« Shéhérazade,
en cet endroit, apercevant le jour, cessa de poursuivre son conte, qui avait si
bien piqué la curiosité du sultan, que ce prince voulant absolument en savoir
la fin, remit encore au lendemain la mort de la sultane. »
Anonyme, Les Mille
et une Nuits.
Vous
êtes nombreux, après ma dernière chronique, à m’avoir demandé :
« Mais alors ? Qu’est-ce qu’il se passe ensuite ? Comment diable
t’es-tu extirpé de ce fichu pétrin ? Grâce à quel stratagème, à quel deux ex machina, n’as-tu pas fini en
cure-dents pour crocodiles ? »
(Non,
en fait, vous n’avez pas été nombreux à me le demander, cette phrase n’est
qu’un procédé littéraire. Aujourd’hui, les gens réclament la transparence
absolue, je me dois donc d’être le plus honnête possible !)
Oui,
vous réclamez la suite, et vous avez raison. De tout temps, les hommes – comme
écrirait un adolescent pour introduire le sujet de son devoir de philo (bonne
chance pour le bac, les p’tits gars !) – de tout temps, donc, les hommes
ont voulu connaître la suite de l’histoire. Fallait pas commencer. Fallait pas
commencer à leur raconter des choses, et les laisser en plan au moment le plus
palpitant, suspendus au-dessus du vide dans une cage de bambous. Ça se fait
pas. C’est trop abusé.
Les
gens ont le droit de savoir.
La
pire blague qu’un auteur puisse faire à ses lecteurs est de mourir en laissant
une œuvre inachevée. C’est d’une grande impolitesse, et le signe d’un
laisser-aller honteux. Ne jamais rendre son dernier souffle avant le point
final !
Au
Moyen Âge, époque bénie où les notions de droit d’auteur et de propriété
intellectuelle de l’œuvre étaient inconnues (c’est Alain Minc qui aurait été
heureux !), les récits inachevés ne le restaient pas longtemps. On ne
parlait pas de « suite », mais de « continuation ». Ainsi,
lorsque Chrétien de Troyes mourut maladroitement avant d’avoir achevé le Conte du Graal, en 1180, il laissa son
héros Perceval, et tout le royaume de Camelot, face à une question sans
réponse, cette question que Perceval n’avait pas osé poser au château du Roi
Pêcheur, lorsqu’il vit passer le cortège du graal : « Qui sert-on de
ce graal ? » Une question en apparence sans intérêt – imaginez
que vous teniez votre lecteur en haleine en racontant un repas de famille :
vous voyez passer un plateau, vous vous demandez qui va se servir en premier.

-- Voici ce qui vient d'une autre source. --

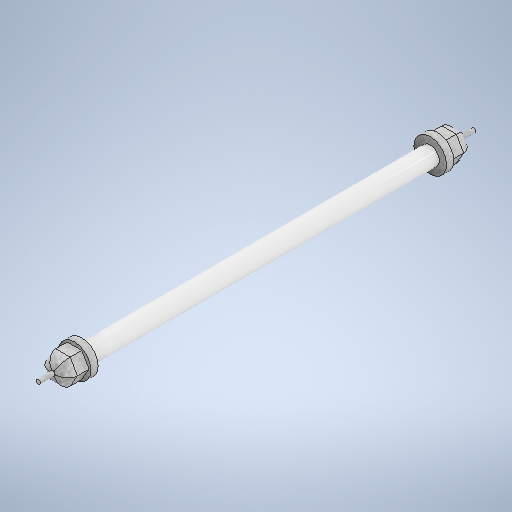
# Autodesk Inventor part: Resistencia
Saved by Autodesk Inventor 2025 (Build 290162000, 162)
## iProperties
Created: 2024-11-20
Part Number: Resistencia
Material: Generic
Document SubType Name: Sheet Metal
Designer: g.marin
Density: 1 g/cm^3
Sheet Metal Rule: Default
Appearance: Default
Author: g.marin
Autodesk Inventor part; units mm, degrees
ref_plane "YZ Plane" through (0, 0, 0) normal (1, 0, 0) x (0, 1, 0)
ref_plane "XZ Plane" through (0, 0, 0) normal (0, 1, 0) x (-1, 0, 0)
ref_plane "XY Plane" through (0, 0, 0) normal (0, 0, 1) x (1, 0, 0)
sketch "Sketch2" plane through (0, 0, 0) normal (0, 1, 0) x (-1, 0, 0)
  line L0 (0, 0) -> (6.25, 0)
  line L1 (6.25, 0) -> (6.25, -240)
  line L2 (6.25, -240) -> (0, -240)
  line L3 (0, -240) -> (0, 0)
  line L4 (0, 0) -> (11.25, 0)
  line L5 (11.25, 0) -> (11.25, 5)
  line L6 (11.25, 5) -> (0, 5)
  line L7 (0, 5) -> (0, 0)
  line L8 (0, -240) -> (11.25, -240)
  line L9 (11.25, -240) -> (11.25, -245)
  line L10 (11.25, -245) -> (0, -245)
  line L11 (0, -245) -> (0, -240)
  dimension "d15" = 6.25
  dimension "d16" = 240
  dimension "d17" = 11.25
  dimension "d18" = 5
  dimension "d19" = 5
  constraints: 24 end point, 6 parallel, 3 horizontal, 3 perpendicular, 1 point on line
  measures "d15" distance of L1.end L2.end
  measures "d16" distance of L0.end L1.end
  measures "d17" distance of L5.end L6.end
  measures "d18" distance between parallel lines of L0 L6
  measures "d19" distance between parallel lines of L10 L8
revolve "Revolution1" add sketch "Sketch2" angle 360 about axis through (0, 0, -240) along (0, 0, 1)
sketch "Sketch3" plane through (0, 0, 5) normal (0, 0, 1) x (1, 0, 0)
  line L0 (-10, -0.0006) -> (-5.0005, 8.66)
  line L1 (-5.0005, 8.66) -> (4.9995, 8.6606)
  line L2 (4.9995, 8.6606) -> (10, 0.0006)
  line L3 (10, 0.0006) -> (5.0005, -8.66)
  line L4 (5.0005, -8.66) -> (-4.9995, -8.6606)
  line L5 (-4.9995, -8.6606) -> (-10, -0.0006)
  point P0 (0, 0)
  point P1 (0, 0)
  dimension "d21" = 10
  constraints: 12 end point, 1 coincident, 13 other
  measures "d21" distance of L3.end L4.end
extrude "Extrusion1" add sketch "Sketch3" along normal blind 15
sketch "Sketch4" plane through (0, 0, -245) normal (0, 0, -1) x (-1, 0, 0)
  line L0 (-5, -8.6603) -> (-10, 0)
  line L1 (-10, 0) -> (-5, 8.6603)
  line L2 (-5, 8.6603) -> (5, 8.6603)
  line L3 (5, 8.6603) -> (10, 0)
  line L4 (10, 0) -> (5, -8.6603)
  line L5 (5, -8.6603) -> (-5, -8.6603)
  point P0 (0, 0)
  point P1 (0, 0)
  dimension "d24" = 10
  constraints: 12 end point, 1 coincident, 13 other
  measures "d24" distance of L4.end L0.start
extrude "Extrusion2" add sketch "Sketch4" along normal blind 15
fillet "Fillet1" radius 7 12 edges at (0, 8.6603, -260) (7.5, 4.3301, -260) (7.5, -4.3301, -260) (0, -8.6603, -260) (-7.5, -4.3301, -260) (-7.5, 4.3301, -260) (-7.5003, 4.3297, 20) (-0.0005, 8.6603, 20) (7.4997, 4.3306, 20) (7.5003, -4.3297, 20) (0.0005, -8.6603, 20) (-7.4997, -4.3306, 20)
sketch "Sketch5" plane through (0, 0, 20) normal (0, 0, 1) x (1, 0, 0)
  circle A0 centre (0, 0) radius 6.25 projected
  circle A1 centre (0, 0) radius 1.5
  point P0 (0, 0)
  dimension "d28" = 3
  constraints: 1 centre point, 1 coincident
  measures "d28" diameter of A1
extrude "Extrusion3" add sketch "Sketch5" along normal blind 10 contours A1
sketch "Sketch6" plane through (0, 0, -260) normal (0, 0, -1) x (-1, 0, 0)
  circle A0 centre (0, 0) radius 1.5
  dimension "d31" = 3
  constraints: 1 centre point, 1 coincident
  measures "d31" diameter of A0
extrude "Extrusion4" add sketch "Sketch6" along normal blind 10
body "Solid1"
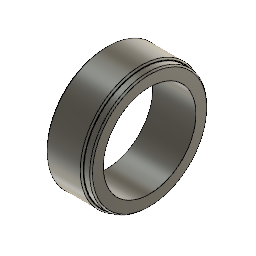
bearing_one_eng_model (Autodesk Fusion 360 design; units mm, degrees)
Autodesk Fusion 360 part; units mm, degrees
sketch "Sketch1" plane through (0, 0, 0) normal (1, 0, 0) x (0, 1, 0)
  circle A0 centre (0, 0) radius 42
  circle A1 centre (0, 0) radius 32
  dimension "d1" = 84
  dimension "d2" = 64
  constraint coincident A0.centre A1.centre
  constraint concentric A0 A1
  measures "d1" diameter of A0
  measures "d2" diameter of A1
extrude "Extrude1" add sketch "Sketch1" along normal blind 25
sketch "Sketch2" plane through (25, 0, 0) normal (1, 0, 0) x (0, 1, 0)
  circle A0 centre (0, 0) radius 32
  circle A1 centre (0, 0) radius 42
  circle A2 centre (0, 0) radius 32
  circle A3 centre (0, 0) radius 40.5
  dimension "d5" = 8.5
  constraint coincident A0.centre A1.centre
  measures "d5" distance of A2 A3
extrude "Extrude2" add sketch "Sketch2" along normal blind 5 contours A3
chamfer "Chamfer1" distance 1 angle 45 3 edges at (0, -39.1577, -15.1878) (25, -39.1577, -15.1878) (30, -37.7593, -14.6454) measured on face at (8.3333, 41.7913, -4.1818) measured on face at (25, 11.2341, 39.8428) measured on face at (30, 37.3967, -3.6019)
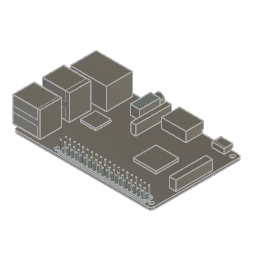
my.mesh_Gehäuse (Autodesk Fusion 360 archive; units mm, degrees)
design "Raspberry_Pi_3_B"
Autodesk Fusion 360 part; units mm, degrees
sketch "Sketch1" plane through (0, 0, 0) normal (0, 0, 1) x (1, 0, 0) in component "Pi"
  line L0 (42.5, 28) -> (-42.5, 28)
  line L1 (-42.5, 28) -> (-42.5, -28)
  line L2 (-42.5, -28) -> (42.5, -28)
  line L3 (42.5, -28) -> (42.5, 28)
  line L4 (42.5, 28) -> (-42.5, -28) construction
  line L5 (-42.5, 28) -> (42.5, -28) construction
  dimension "d1" = 85
  dimension "d2" = 56
  constraint perpendicular L0 L1
  constraint parallel L0 L2
  constraint parallel L1 L3
  constraint horizontal L0
  constraint coincident L4 origin
  constraint coincident L5 origin
  measures "d1" distance of L1.end L2.end
  measures "d2" distance of L0.end L1.end
extrude "Extrude1" add sketch "Sketch1" along normal blind 1.4 makes body 1 in component "Pi"
fillet "Fillet1" radius 2 4 edges at (42.5, -28, 0.7) (42.5, 28, 0.7) (-42.5, 28, 0.7) (-42.5, -28, 0.7) on bodies 1 in component "Pi"
sketch "Sketch2" plane through (0, 0, 1.4) normal (0, 0, 1) x (-1, 0, 0) in component "Pi"
  arc A0 (42.5, 26) -> (40.5, 28) centre (40.5, 26) ccw
  line L0 (40.5, 28) -> (-40.5, 28)
  arc A1 (-40.5, 28) -> (-42.5, 26) centre (-40.5, 26) ccw
  line L1 (-42.5, 26) -> (-42.5, -26)
  arc A2 (-42.5, -26) -> (-40.5, -28) centre (-40.5, -26) ccw
  line L2 (-40.5, -28) -> (40.5, -28)
  arc A3 (40.5, -28) -> (42.5, -26) centre (40.5, -26) ccw
  line L3 (42.5, -26) -> (42.5, 26)
  line L4 (42.5, -24.7968) -> (23.2, -24.7968) construction
  line L5 (23.2, -28) -> (23.2, -26) construction
  line L6 (23.2, -26) -> (45.5, -26)
  line L7 (45.5, -26) -> (45.5, -10)
  line L8 (45.5, -10) -> (23.2, -10)
  line L9 (23.2, -10) -> (23.2, -26)
  dimension "d6" = 19.3
  dimension "d7" = 22.3
  dimension "d8" = 16
  constraint coincident L3 L4.start
  constraint perpendicular L3 L4
  constraint coincident L2 L5.start
  constraint perpendicular L2 L5
  constraint horizontal L6
  constraint vertical L7
  constraint horizontal L8
  constraint vertical L9
  measures "d6" distance of L4.start L4.end
  measures "d7" distance of L5.end L6.end
  measures "d8" distance of L5.end L8.end
extrude "Extrude2" add sketch "Sketch2" along normal blind 13.5 contours L3 L6 L7 L8 | L3 L6 L8 L9 bodies 1 in component "Pi"
copy_body "CutPasteBodies1" bodies 1 removing the originals makes body 2 in component "Pi"
sketch "Sketch1 (1)" plane through (0, 0, 1.4) normal (0, 0, 1) x (-1, 0, 0) in component "Pi"
  line L0 (23.2, -10) -> (42.5, -10)
  line L1 (42.5, -10) -> (42.5, 26)
  arc A0 (42.5, 26) -> (40.5, 28) centre (40.5, 26) ccw
  line L2 (40.5, 28) -> (-40.5, 28)
  arc A1 (-40.5, 28) -> (-42.5, 26) centre (-40.5, 26) ccw
  line L3 (-42.5, 26) -> (-42.5, -26)
  arc A2 (-42.5, -26) -> (-40.5, -28) centre (-40.5, -26) ccw
  line L4 (-40.5, -28) -> (40.5, -28)
  arc A3 (40.5, -28) -> (42.5, -26) centre (40.5, -26) ccw
  line L5 (42.5, -26) -> (23.2, -26)
  line L6 (23.2, -26) -> (23.2, -10)
  line L7 (36, -10) -> (36, -6) construction
  line L8 (-41.9142, -27.4142) -> (-39.5808, -25.0808)
  line L9 (-41.9142, -27.4142) -> (-38.6142, -27.4142) construction
  circle A4 centre (-39.5808, -25.0808) radius 1.3
  dimension "d46" = 3.3
  dimension "d47" = 45
  dimension "d48" = 2.6
  constraint parallel L1 L7
  constraint midpoint A2 L8.start
  constraint horizontal L9
  constraint coincident L8.end A4.centre
  measures "d46" distance of L8.start L8.end
  measures "d47" angle of L8 L9
  measures "d48" diameter of A4
sketch "Sketch2 (1)" plane through (-45.5, 0, 0) normal (-1, 0, 0) x (0, -1, 0) in component "Pi"
  line L0 (-26, 1.4) -> (-10, 1.4)
  line L1 (-10, 1.4) -> (-10, 14.9)
  line L2 (-10, 14.9) -> (-26, 14.9)
  line L3 (-26, 14.9) -> (-26, 1.4)
  line L4 (-6, 1.4) -> (7.2, 1.4)
  line L5 (7.2, 1.4) -> (7.2, 17.15)
  line L6 (7.2, 17.15) -> (-6, 17.15)
  line L7 (-6, 17.15) -> (-6, 1.4)
  point P0 (-6, 1.4)
  dimension "d11" = 13.2
  dimension "d12" = 15.75
  constraint horizontal L4
  constraint vertical L5
  constraint horizontal L6
  constraint vertical L7
  constraint coincident P0 L4.start
  measures "d11" distance of P0 L4.end
  measures "d12" distance of P0 L6.end
extrude "Extrude1'" add sketch "Sketch2 (1)" against normal blind 16.7 contours L4 L5 L6 L7 bodies 2 in component "Pi"
sketch "Sketch3" plane through (-45.5, 0, 0) normal (-1, 0, 0) x (0, -1, 0) in component "Pi"
  line L0 (-6, 17.15) -> (-6, 1.4)
  line L1 (-6, 1.4) -> (7.2, 1.4)
  line L2 (7.2, 1.4) -> (7.2, 17.15)
  line L3 (7.2, 17.15) -> (-6, 17.15)
  line L4 (7.2, 1.4) -> (12.2, 1.4) construction
  line L5 (12.2, 1.4) -> (25.4, 1.4)
  line L6 (25.4, 1.4) -> (25.4, 17.15)
  line L7 (25.4, 17.15) -> (12.2, 17.15)
  line L8 (12.2, 17.15) -> (12.2, 1.4)
  dimension "d15" = 5
  dimension "d16" = 13.2
  dimension "d17" = 15.75
  constraint coincident L1.end L2.start
  constraint perpendicular L2 L4
  constraint horizontal L5
  constraint vertical L6
  constraint horizontal L7
  constraint vertical L8
  measures "d15" distance of L1.end L4.end
  measures "d16" distance of L4.end L5.end
  measures "d17" distance of L4.end L7.end
extrude "Extrude2'" add sketch "Sketch3" against normal blind 16.75 contours L5 L6 L7 L8 bodies 2 in component "Pi"
sketch "Sketch4" plane through (-45.5, 0, 0) normal (-1, 0, 0) x (0, -1, 0) in component "Pi"
  line L0 (-26, 1.4) -> (-10, 1.4)
  line L1 (-10, 1.4) -> (-10, 14.9)
  line L2 (-10, 14.9) -> (-26, 14.9)
  line L3 (-26, 14.9) -> (-26, 1.4)
  line L4 (-20.2136, 14.9) -> (-20.2136, 12.2) construction
  line L5 (-26, 12.2) -> (-24, 12.2) construction
  line L6 (-24, 12.2) -> (-12, 12.2)
  line L7 (-12, 12.2) -> (-12, 5.5)
  line L8 (-12, 5.5) -> (-24, 5.5)
  line L9 (-24, 5.5) -> (-24, 12.2)
  line L10 (-26, 5.5) -> (-21.25, 5.5) construction
  line L11 (-21.25, 5.5) -> (-15.25, 5.5)
  line L12 (-15.25, 5.5) -> (-15.25, 2)
  line L13 (-15.25, 2) -> (-21.25, 2)
  line L14 (-21.25, 2) -> (-21.25, 5.5)
  dimension "d20" = 2.7
  dimension "d21" = 12
  dimension "d22" = 6.7
  dimension "d23" = 4.75
  dimension "d24" = 6
  dimension "d25" = 3.5
  constraint coincident L2 L4.start
  constraint perpendicular L2 L4
  constraint coincident L3 L5.start
  constraint perpendicular L3 L5
  constraint horizontal L6
  constraint vertical L7
  constraint horizontal L8
  constraint vertical L9
  constraint coincident L3 L10.start
  constraint perpendicular L3 L10
  constraint horizontal L11
  constraint vertical L12
  constraint horizontal L13
  constraint vertical L14
  constraint coincident L8 L11.end
  measures "d20" distance of L4.start L4.end
  measures "d21" distance of L5.end L6.end
  measures "d22" distance of L5.end L8.end
  measures "d23" distance of L10.start L10.end
  measures "d24" distance of L10.end L11.end
  measures "d25" distance of L10.end L13.end
extrude "Extrude3" cut sketch "Sketch4" against normal blind 17 contours L6 L7 L8 L9 L11 | L8 L11 L12 L13 L14 bodies 2 in component "Pi"
sketch "Sketch5" plane through (-45.5, 0, 0) normal (-1, 0, 0) x (0, -1, 0) in component "Pi"
  line L0 (-6, 17.15) -> (-6, 1.4)
  line L1 (-6, 1.4) -> (7.2, 1.4)
  line L2 (7.2, 1.4) -> (7.2, 17.15)
  line L3 (7.2, 17.15) -> (-6, 17.15)
  line L4 (7.2, 10.975) -> (-6, 10.975)
  line L5 (-6, 10.975) -> (-6, 7.575)
  line L6 (-6, 7.575) -> (7.2, 7.575)
  line L7 (7.2, 7.575) -> (7.2, 10.975)
  line L8 (7.2, 10.975) -> (-6, 7.575) construction
  line L9 (-6, 10.975) -> (7.2, 7.575) construction
  line L10 (-5.7208, 10.975) -> (6.8067, 10.975)
  line L11 (6.8067, 10.975) -> (6.8067, 16.8566)
  line L12 (6.8067, 16.8566) -> (-5.7208, 16.8566)
  line L13 (-5.7208, 16.8566) -> (-5.7208, 10.975)
  line L14 (-5.7208, 7.6469) -> (6.8067, 7.6469)
  line L15 (6.8067, 7.6469) -> (6.8067, 1.6277)
  line L16 (6.8067, 1.6277) -> (-5.7208, 1.6277)
  line L17 (-5.7208, 1.6277) -> (-5.7208, 7.6469)
  point P0 (0.6, 9.275)
  dimension "d28" = 3.4
  constraint perpendicular L4 L5
  constraint parallel L4 L6
  constraint parallel L5 L7
  constraint horizontal L4
  constraint coincident L8 P0
  constraint coincident L9 P0
  constraint horizontal L10
  constraint vertical L11
  constraint horizontal L12
  constraint vertical L13
  constraint coincident L4 L10.start
  constraint horizontal L14
  constraint vertical L15
  constraint horizontal L16
  constraint vertical L17
  constraint coincident L8 L14.start
  measures "d28" distance of L4.end L5.end
extrude "Extrude4" cut sketch "Sketch5" against normal blind 14 contours L4 L10 L11 L12 L13 | L6 L15 L16 L17 bodies 2 in component "Pi"
sketch "Sketch6" plane through (-45.5, 0, 0) normal (-1, 0, 0) x (0, -1, 0) in component "Pi"
  line L0 (12.2, 17.15) -> (12.2, 1.4)
  line L1 (12.2, 1.4) -> (25.4, 1.4)
  line L2 (25.4, 1.4) -> (25.4, 17.15)
  line L3 (25.4, 17.15) -> (12.2, 17.15)
  line L4 (12.4971, 16.7794) -> (25.17, 16.7794)
  line L5 (25.17, 16.7794) -> (25.17, 10.9805)
  line L6 (25.17, 10.9805) -> (12.4971, 10.9805)
  line L7 (12.4971, 10.9805) -> (12.4971, 16.7794)
  line L8 (12.4971, 7.5659) -> (25.17, 7.5659)
  line L9 (25.17, 7.5659) -> (25.17, 1.5998)
  line L10 (25.17, 1.5998) -> (12.4971, 1.5998)
  line L11 (12.4971, 1.5998) -> (12.4971, 7.5659)
  constraint horizontal L4
  constraint vertical L5
  constraint horizontal L6
  constraint vertical L7
  constraint horizontal L8
  constraint vertical L9
  constraint horizontal L10
  constraint vertical L11
extrude "Extrude5" cut sketch "Sketch6" against normal blind 15 contours L4 L5 L6 L7 | L8 L9 L10 L11 bodies 2 in component "Pi"
sketch "Sketch7" plane through (0, 28, 0) normal (0, 1, 0) x (-1, 0, 0) in component "Pi"
  line L0 (40.5, 0) -> (40.5, 1.4)
  line L1 (40.5, 1.4) -> (-40.5, 1.4)
  line L2 (-40.5, 1.4) -> (-40.5, 0)
  line L3 (-40.5, 0) -> (40.5, 0)
  line L4 (42.5, 1.4) -> (42.5, 0)
  line L5 (42.5, 0.7) -> (11, 0.7) construction
  circle A0 centre (11.0002, 4.35) radius 2.95
  dimension "d33" = 31.5
  dimension "d34" = 5.9
  constraint midpoint L4 L5.start
  constraint perpendicular L0 L5
  measures "d33" distance of L5.start L5.end
  measures "d34" diameter of A0
extrude "Extrude6" add sketch "Sketch7" along normal blind 3 separate body contours A0 makes body 3 in component "Pi"
sketch "Sketch8" plane through (0, 28, 0) normal (0, -1, 0) x (1, 0, 0) in component "Pi"
  arc A0 (-10.9892, 1.4) -> (-11.0112, 1.4) centre (-11.0002, 4.35) ccw
  line L0 (-11.0112, 1.4) -> (-10.9892, 1.4)
  line L1 (-8.0502, 7.3) -> (-13.9502, 7.3)
  line L2 (-13.9502, 7.3) -> (-13.9502, 1.4)
  line L3 (-13.9502, 1.4) -> (-8.0502, 1.4)
  line L4 (-8.0502, 1.4) -> (-8.0502, 7.3)
  line L5 (-8.0502, 7.3) -> (-13.9502, 1.4) construction
  line L6 (-13.9502, 7.3) -> (-8.0502, 1.4) construction
  point P0 (-11.0002, 4.35)
  dimension "d37" = 5.9
  constraint perpendicular L1 L2
  constraint parallel L1 L3
  constraint parallel L2 L4
  constraint horizontal L1
  constraint coincident L5 P0
  constraint coincident L6 P0
  constraint coincident P0 A0.centre
  measures "d37" distance of L2.end L3.end
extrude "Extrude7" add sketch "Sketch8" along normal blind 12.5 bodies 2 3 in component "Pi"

Et paf ! Vous mourez avant d’avoir donné la réponse. Ce n’est pas tout à
fait comme si Madame Michu s’était faite trucider et que vous aviez cassé votre
pipe avant d’avoir livré le nom de l’assassin ! Et pourtant…
Et
pourtant, s’il y a un récit dont l’inachèvement a tourmenté l’histoire
littéraire, c’est bien le Conte du Graal.
Et cette bête question « do graal
cui l’an en servoit » ne pouvait pas rester sans réponse. C’était un
suspense bien plus insoutenable que d’être suspendu dans une cage au-dessus du
vide !
La
première continuation du Conte du Graal,
dite Continuation Gauvain, du
pseudo-Wauchier de Denain, écrite à la fin du XIIe siècle, oublie
presque totalement Perceval et se concentre sur Gauvain, en apportant de
nombreuses modifications à la trame narrative élaborée par Chrétien de Troyes.
C’est ensuite un roman allemand, le Parzifal
de Wolfram von Eschenbach (vers 1203-1204), qui s’inspire du récit originel du
Champenois. La Deuxième Continuation,
ou Continuation Perceval (vers
1205-1210) se recentre sur le héros de Chrétien de Troyes, et ouvre la voie
vers une christianisation du Graal. Robert de Boron, dans son Roman de l’Histoire du Graal, fixera
cette christianisation, en s’inspirant à la fois de Chrétien de Troyes et de
Wace, et en imposant la figure de Merlin, serviteur de Dieu – le Graal étant
désormais associé à une relique. Cette christianisation ne cessera de se
confirmer par la suite, jusqu’au cycle du Lancelot-Graal
en prose et sa Quête du Saint Graal
(vers 1220).
« La
suite ! La suite ! »
On
se souvient tous des Mille et une Nuits,
et de l’idée géniale qui a germé dans la tête de Shéhérazade : promise au
sultan Shahryar qui a l’habitude de faire exécuter chaque matin la femme qu’il
a épousée la veille – afin de lui éviter la tentation de le tromper – elle lui
raconte chaque soir une histoire dont la suite est reportée au lendemain. Le
pauvre sultan, soumis à la torture du suspense, est bien obligé de la garder en
vie, s’il veut connaître le fin mot de l’histoire. Ainsi, devant un récit qui
nous prend aux tripes et qu’on ne peut lâcher, nous sommes tous un peu des
sultans. De malheureux sultans, souffrant de la soif inextinguible d’en savoir
toujours plus. « La suite ! La suite ! »
Donc,
oui : votre désir de m’entendre raconter la suite de mes aventures
palpitantes est tout à fait légitime.
3 commentaires:
Salope de Juldé !
Au sujet du Sultan et de ses modernes Shéhérazades, as-tu Raphaël suivi l'histoire de Cyril de Lalagade et ses esclaves sexuels ?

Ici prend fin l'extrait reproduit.